Eine erschreckend große Zahl von Haushalten in Deutschland bekommt keinen Strom mehr. So wurde fast 345.000 Haushalten laut einem Bericht von „Spiegel Online“ im vergangenen Jahr der Strom gesperrt. Die Maßnahme wurde meist verhängt, weil die Kunden ihre Rechnungen nicht bezahlt hatten.
Das Magazin berief sich am Samstag auf den noch unveröffentlichten Monitoringbericht der Bundesnetzagentur. Demnach gab es 2013 rund 23.000 Sperrungen mehr als im Jahr 2012 und sogar rund 33.000 mehr als 2011.
Zugenommen hat demnach auch die Zahl der Androhungen einer Stromsperre. 2013 gingen demnach fast sieben Millionen Mahnverfahren so weit, dass Stromversorger ankündigten, sie würden bei weiterem Zahlungsverzug den Strom kappen. 2011 gab es demnach rund sechs Millionen solche Drohungen.
Linke-Fraktionsvize Caren Lay verurteilte die hohe Zahl von Stromsperren als „Anschlag auf die Menschenwürde“. Sie warf zugleich der Bundesregierung vor, sie habe jahrelang eine Energiepolitik zugunsten der Konzerne betrieben, während private Verbraucher übermäßig mit Kosten belastet worden seien.
Bei Kranken und Kindern darf Strom nicht abgestellt werden
So sei seit 2008 der Strompreis für die Industrie um 13 bis 15 Prozent gestiegen, für Privathaushalte aber um 38 Prozent. Lay forderte niedrigere Preise unter anderem durch eine Senkung der Stromsteuer.
Stromversorger können die Belieferung von Haushalten mit elektrischer Energie einstellen, wenn Rechnungen trotz Mahnverfahren über längere Zeit nicht bezahlt werden. Allerdings muss die Maßnahme in einem angemessenen Verhältnis zur ausstehenden Summe stehen und darf nicht die Gesundheit zum Beispiel von kranken Menschen oder Kindern gefährden.
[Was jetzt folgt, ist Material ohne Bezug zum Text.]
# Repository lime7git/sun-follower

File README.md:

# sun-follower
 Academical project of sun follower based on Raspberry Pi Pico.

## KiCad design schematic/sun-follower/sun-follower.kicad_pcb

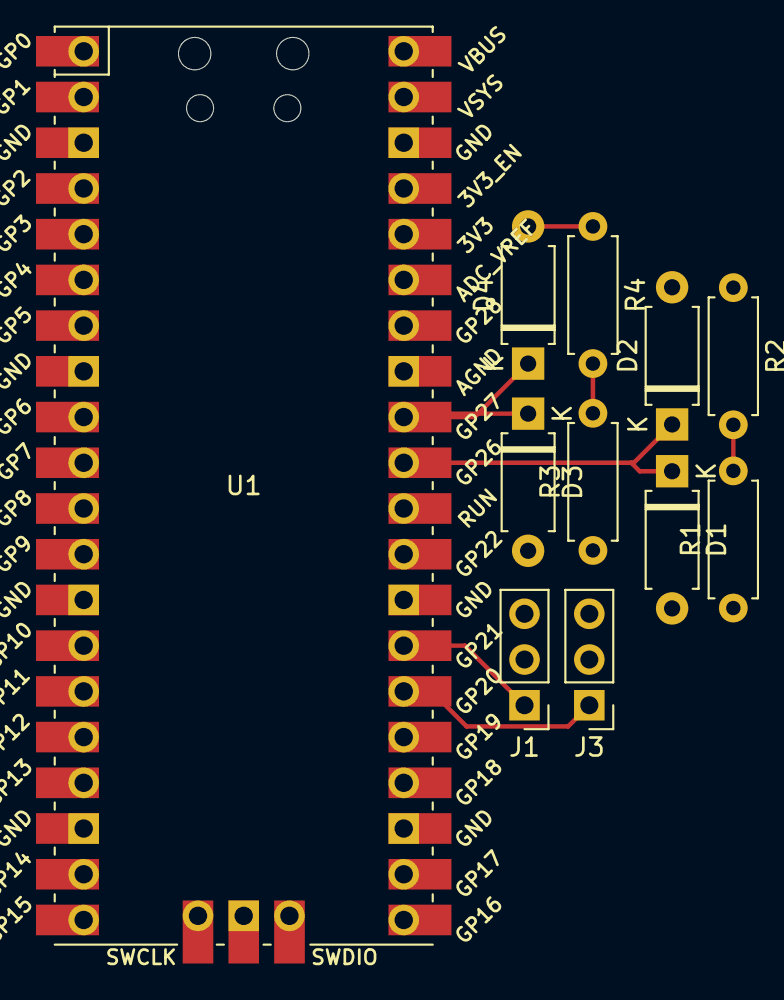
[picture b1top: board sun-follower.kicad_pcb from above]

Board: 2 copper layers, 11 parts (0 on the bottom side), 10 nets.

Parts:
D1, D2, D3, D4: 1N4148; D_A-405_P7.62mm_Horizontal
J1, J3: SERWO_1; PinHeader_1x03_P2.54mm_Vertical
R1, R2, R3, R4: R; R_Axial_DIN0207_L6.3mm_D2.5mm_P7.62mm_Horizontal
U1: Pico; RPi_Pico_SMD_TH

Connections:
+5V: J1.2, J3.2
ADC_0: D1.1, D2.1, U1.31
ADC_1: D3.1, D4.1, U1.32
GND: J1.3, J3.3, R1.2, R2.2, R3.2, R4.2, U1.3, U1.8, U1.13, U1.18, U1.23, U1.28, U1.33, U1.38, U1.42
unnamed: D1.2, R1.1
unnamed: D2.2, R2.1
unnamed: D3.2, R3.1
unnamed: D4.2, R4.1
PWM1: J1.1, U1.27
PWM2: J3.1, U1.26

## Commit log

2021-11-03 adding test_git.txt
    test
2021-11-04 Add some changes
2021-11-08 Added some changes
2021-11-08 Redesign
2021-11-08 Design of electronic case
2021-11-08 Adding whole for digital voltometer
2021-11-08 Added voltometer
2021-11-08 Final ver. 1.0
2021-11-09 Added some new 3D models
2021-11-10 Servo cases and cable holders + some small stuff
2021-11-12 Added new bottom servo and its holders, done some small fixes
2021-11-16 Adding Docs
2021-11-16 Change location
2021-11-16 Small changes
2021-11-17 teoria_rodzial
2021-12-02 Added STL files to 3D printing
2021-12-02 Change wires holders
2021-12-02 Added all stl files
2021-12-02 Small edits
2021-12-16 Fixses
2021-12-18 Edit
2021-12-21 Some case changes
2022-01-19 schematic
2022-01-26 soft_following x y v.1
2022-01-26 update_soft
2022-01-28 sesja
2022-01-31 render
2022-01-31 Projekt update
2022-01-31 serwo doc
2022-02-01 update_docs
2022-02-02 gitignore
    Update gitignore to ignore word temp. and backup files.
2022-02-02 do_sprawdzenia
    complete ;-)
2022-02-02 convert_to_pdf
2022-02-03 corrections_of_project
    to print
2022-02-08 Project final
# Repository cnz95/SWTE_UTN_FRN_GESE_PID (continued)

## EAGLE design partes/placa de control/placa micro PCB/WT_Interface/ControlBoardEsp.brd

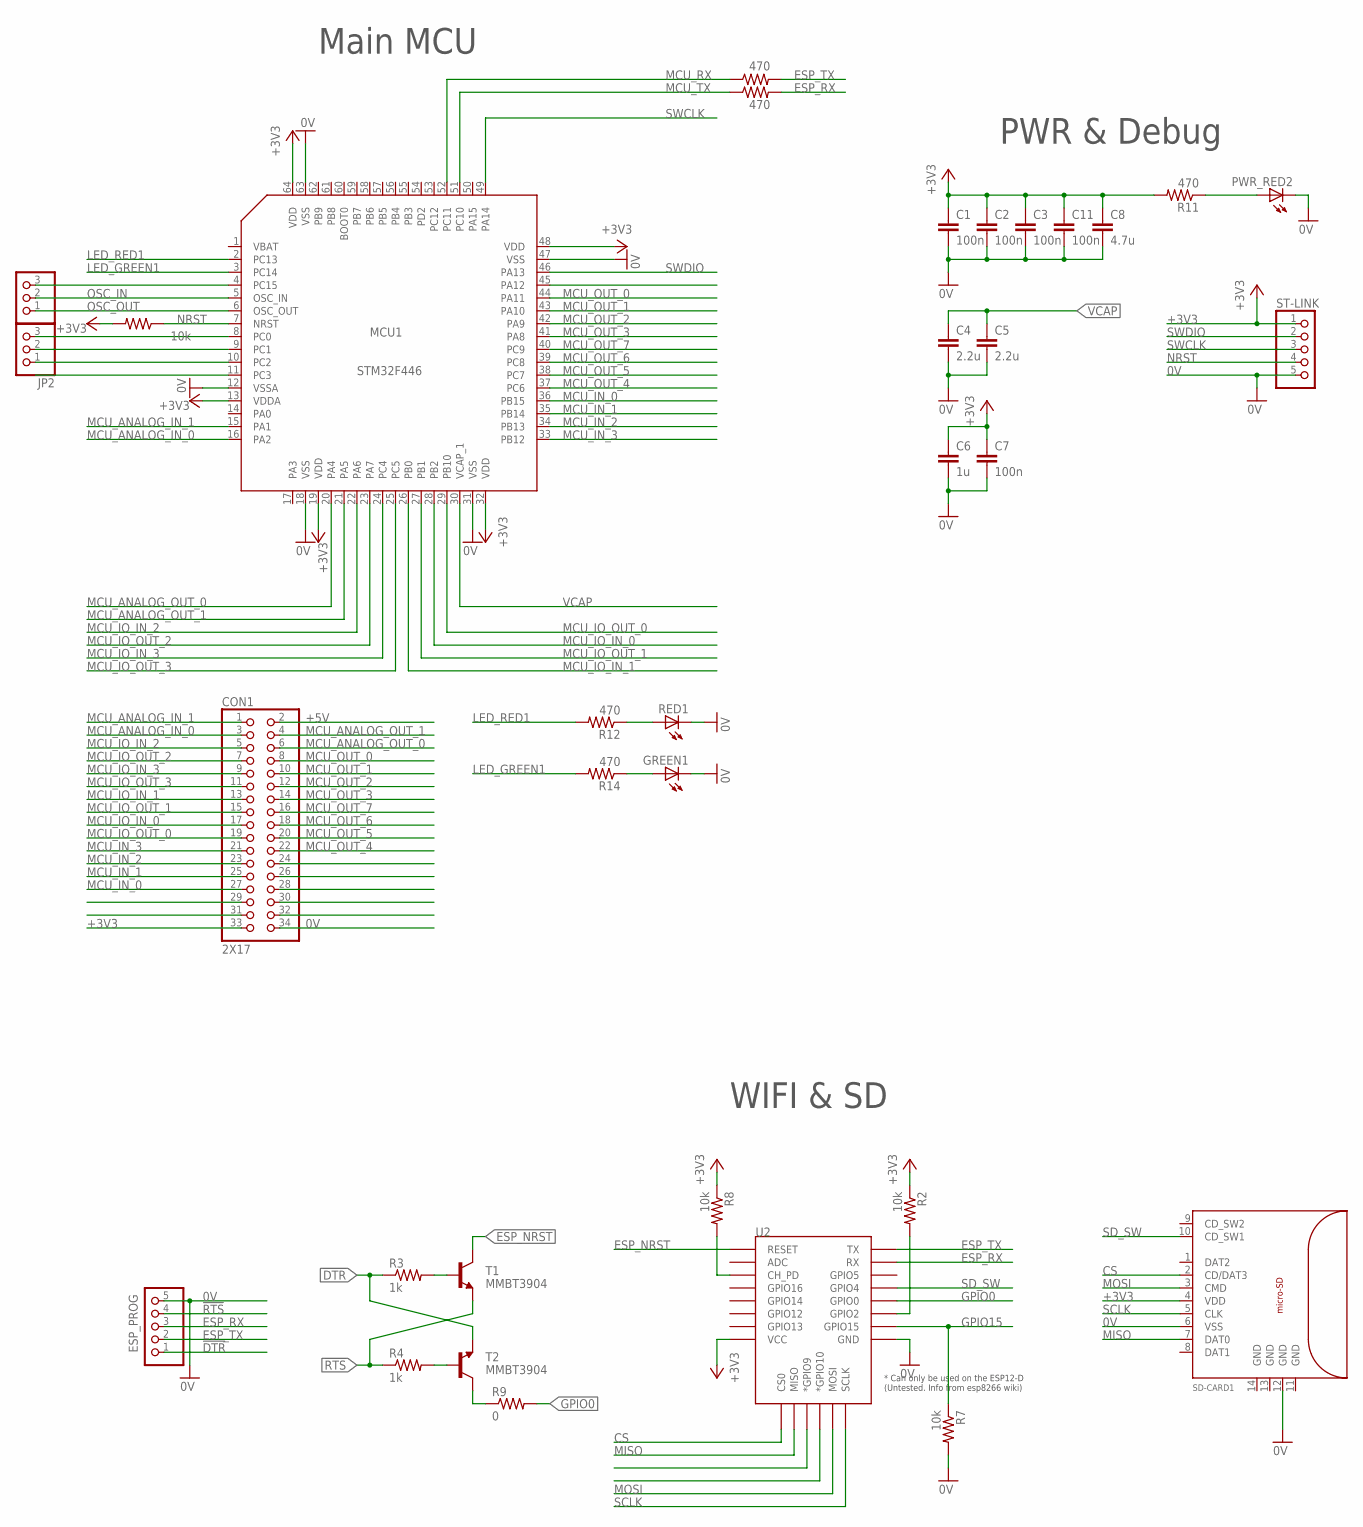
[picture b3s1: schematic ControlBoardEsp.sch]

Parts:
C1, C2, C3, C7, C11: 100n; C0402
C4, C5: 2.2u; C0402
C6: 1u; C0402
C8: 4.7u; C0402
CON1: 2X17
ESP_PROG: PINHD-1X5; 1X05
GREEN1: LEDCHIP-LED0805; CHIP-LED0805
JP1, JP2: PINHD-1X3; 1X03
MCU1: STM32F446; LQFP-64
PWR_RED2: LEDCHIP-LED0805; CHIP-LED0805
R1, R2, R7, R8: 10k; R0402
R3: 1k; R0402
R4: 1k; R1206
R5, R6, R11, R12, R14: 470; R0402
R9: 0; R1206
RED1: LEDCHIP-LED0805; CHIP-LED0805
SD-CARD1: MICRO-SD; MICRO_SD_FOOTPRINT
ST-LINK: PINHD-1X5; 1X05
T1, T2: MMBT3904; SOT23-BEC
U2: ESP12ESMD; ESP12E-SMD

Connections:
0V: C1.2, C2.2, C3.2, C4.2, C5.2, C6.2, C7.2, C8.2, C11.2, CON1.34, ESP_PROG.5, GREEN1.C, MCU1.12 (VSSA), MCU1.18 (VSS), MCU1.31 (VSS), MCU1.47 (VSS), MCU1.63 (VSS), PWR_RED2.C, R7.2, RED1.C, SD-CARD1.6 (VSS), SD-CARD1.12 (GND), ST-LINK.5, U2.GND
!DTR!: ESP_PROG.1, R3.1, T2.E
!RTS!: ESP_PROG.4, R4.1, T1.E
+3V3: C1.1, C2.1, C3.1, C6.1, C7.1, C8.1, C11.1, CON1.33, MCU1.13 (VDDA), MCU1.19 (VDD), MCU1.32 (VDD), MCU1.48 (VDD), MCU1.64 (VDD), R1.2, R2.1, R8.1, R11.2, SD-CARD1.4 (VDD), ST-LINK.1, U2.VCC
+5V: CON1.2
CS: SD-CARD1.2 (CD/DAT3), U2.CS0
ESP_NRST: T1.C, U2.RESET
ESP_RX: ESP_PROG.3, R6.2, U2.RXD0 (RX)
ESP_TX: ESP_PROG.2, R5.2, U2.TXD0 (TX)
GPIO0: R9.2, U2.GPIO0
GPIO15: R7.1, U2.GPIO15
LED_GREEN1: MCU1.3 (PC14), R14.2
LED_RED1: MCU1.2 (PC13), R12.2
MCU_ANALOG_IN_0: CON1.3, MCU1.16 (PA2)
MCU_ANALOG_IN_1: CON1.1, MCU1.15 (PA1)
MCU_ANALOG_OUT_0: CON1.6, MCU1.20 (PA4)
MCU_ANALOG_OUT_1: CON1.4, MCU1.21 (PA5)
MCU_IN_0: CON1.27, MCU1.36 (PB15)
MCU_IN_1: CON1.25, MCU1.35 (PB14)
MCU_IN_2: CON1.23, MCU1.34 (PB13)
MCU_IN_3: CON1.21, MCU1.33 (PB12)
MCU_IO_IN_0: CON1.17, MCU1.28 (PB2)
MCU_IO_IN_1: CON1.13, MCU1.26 (PB0)
MCU_IO_IN_2: CON1.5, MCU1.22 (PA6)
MCU_IO_IN_3: CON1.9, MCU1.24 (PC4)
MCU_IO_OUT_0: CON1.19, MCU1.29 (PB10)
MCU_IO_OUT_1: CON1.15, MCU1.27 (PB1)
MCU_IO_OUT_2: CON1.7, MCU1.23 (PA7)
MCU_IO_OUT_3: CON1.11, MCU1.25 (PC5)
MCU_OUT_0: CON1.8, MCU1.44 (PA11)
MCU_OUT_1: CON1.10, MCU1.43 (PA10)
MCU_OUT_2: CON1.12, MCU1.42 (PA9)
MCU_OUT_3: CON1.14, MCU1.41 (PA8)
MCU_OUT_4: CON1.22, MCU1.37 (PC6)
MCU_OUT_5: CON1.20, MCU1.38 (PC7)
MCU_OUT_6: CON1.18, MCU1.39 (PC8)
MCU_OUT_7: CON1.16, MCU1.40 (PC9)
MCU_RX: MCU1.52 (PC11), R5.1
MCU_TX: MCU1.51 (PC10), R6.1
MISO: SD-CARD1.7 (DAT0), U2.MISO
MOSI: SD-CARD1.3 (CMD), U2.MOSI
unnamed: R2.2, U2.GPIO2
unnamed: R3.2, T1.B
unnamed: R4.2, T2.B
unnamed: R8.2, U2.CH_PD
unnamed: R9.1, T2.C
unnamed: PWR_RED2.A, R11.1
unnamed: R12.1, RED1.A
unnamed: JP2.1, MCU1.10 (PC2)
unnamed: GREEN1.A, R14.1
unnamed: JP2.2, MCU1.9 (PC1)
unnamed: JP2.3, MCU1.8 (PC0)
unnamed: JP1.3, MCU1.4 (PC15)
NRST: MCU1.7 (NRST), R1.1, ST-LINK.4
OSC_IN: JP1.2, MCU1.5 (OSC_IN)
OSC_OUT: JP1.1, MCU1.6 (OSC_OUT)
SCLK: SD-CARD1.5 (CLK), U2.SCLK
SD_SW: SD-CARD1.10 (CD_SW1), U2.GPIO4
SWCLK: MCU1.49 (PA14), ST-LINK.3
SWDIO: MCU1.46 (PA13), ST-LINK.2
VCAP: C4.1, C5.1, MCU1.30 (VCAP_1)

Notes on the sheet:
PWR & Debug
Main MCU
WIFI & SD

Daneben kann eine Stromsperre auch mit dem Verstoß gegen Sicherheitsvorschriften oder Stromdiebstahl durch das Umgehen von Zählern begründet werden.
52 Prozent Steuern und Abgaben auf Strom
Ein Grund für die schwere Situation mancher Verbraucher sind die hohen staatlich verursachten Abgaben und Steuern. Sie machen aktuell 52 Prozent der Stromrechnung aus, die Verbraucher in Deutschland Monat für Monat zu begleichen haben.
Darauf wies im Sommer der Bundesverband der Energie- und Wasserwirtschaft (BDEW) mit einer Strompreisanalyse hin. Untersucht wurden Grundversorgungstarife und weitere gängige Tarifprodukte für Haushaltskunden.
„Ein durchschnittlicher Haushalt mit 3500 Kilowattstunden Verbrauch zahlt rund 85 Euro im Monat für Strom“, heißt es in der Analyse: „Davon entfallen allein knapp 45 Euro auf staatliche Steuern und Abgaben.“
Jeden Monat 18 Euro für Ökostrom-Subventionen
Bei den staatlichen Abgaben ist im vergangenen Jahr insbesondere die Umlage zur Förderung der erneuerbaren Energien (EEG-Umlage) stark gestiegen, heißt es im BDEW-Bericht weiter: „Gut 18 Euro bringt ein durchschnittlicher Haushalt aktuell pro Monat für die Förderung der erneuerbaren Energien auf.“ Im vergangenen Jahr waren es noch 13 Euro.
Damit hat die EEG-Umlage erstmals einen Anteil von mehr als 20 Prozent am Strompreis. Bereits 2013 avancierte die Ökostromförderung zum größten staatlich verursachten Kostenblock, noch vor der Mehrwertsteuer.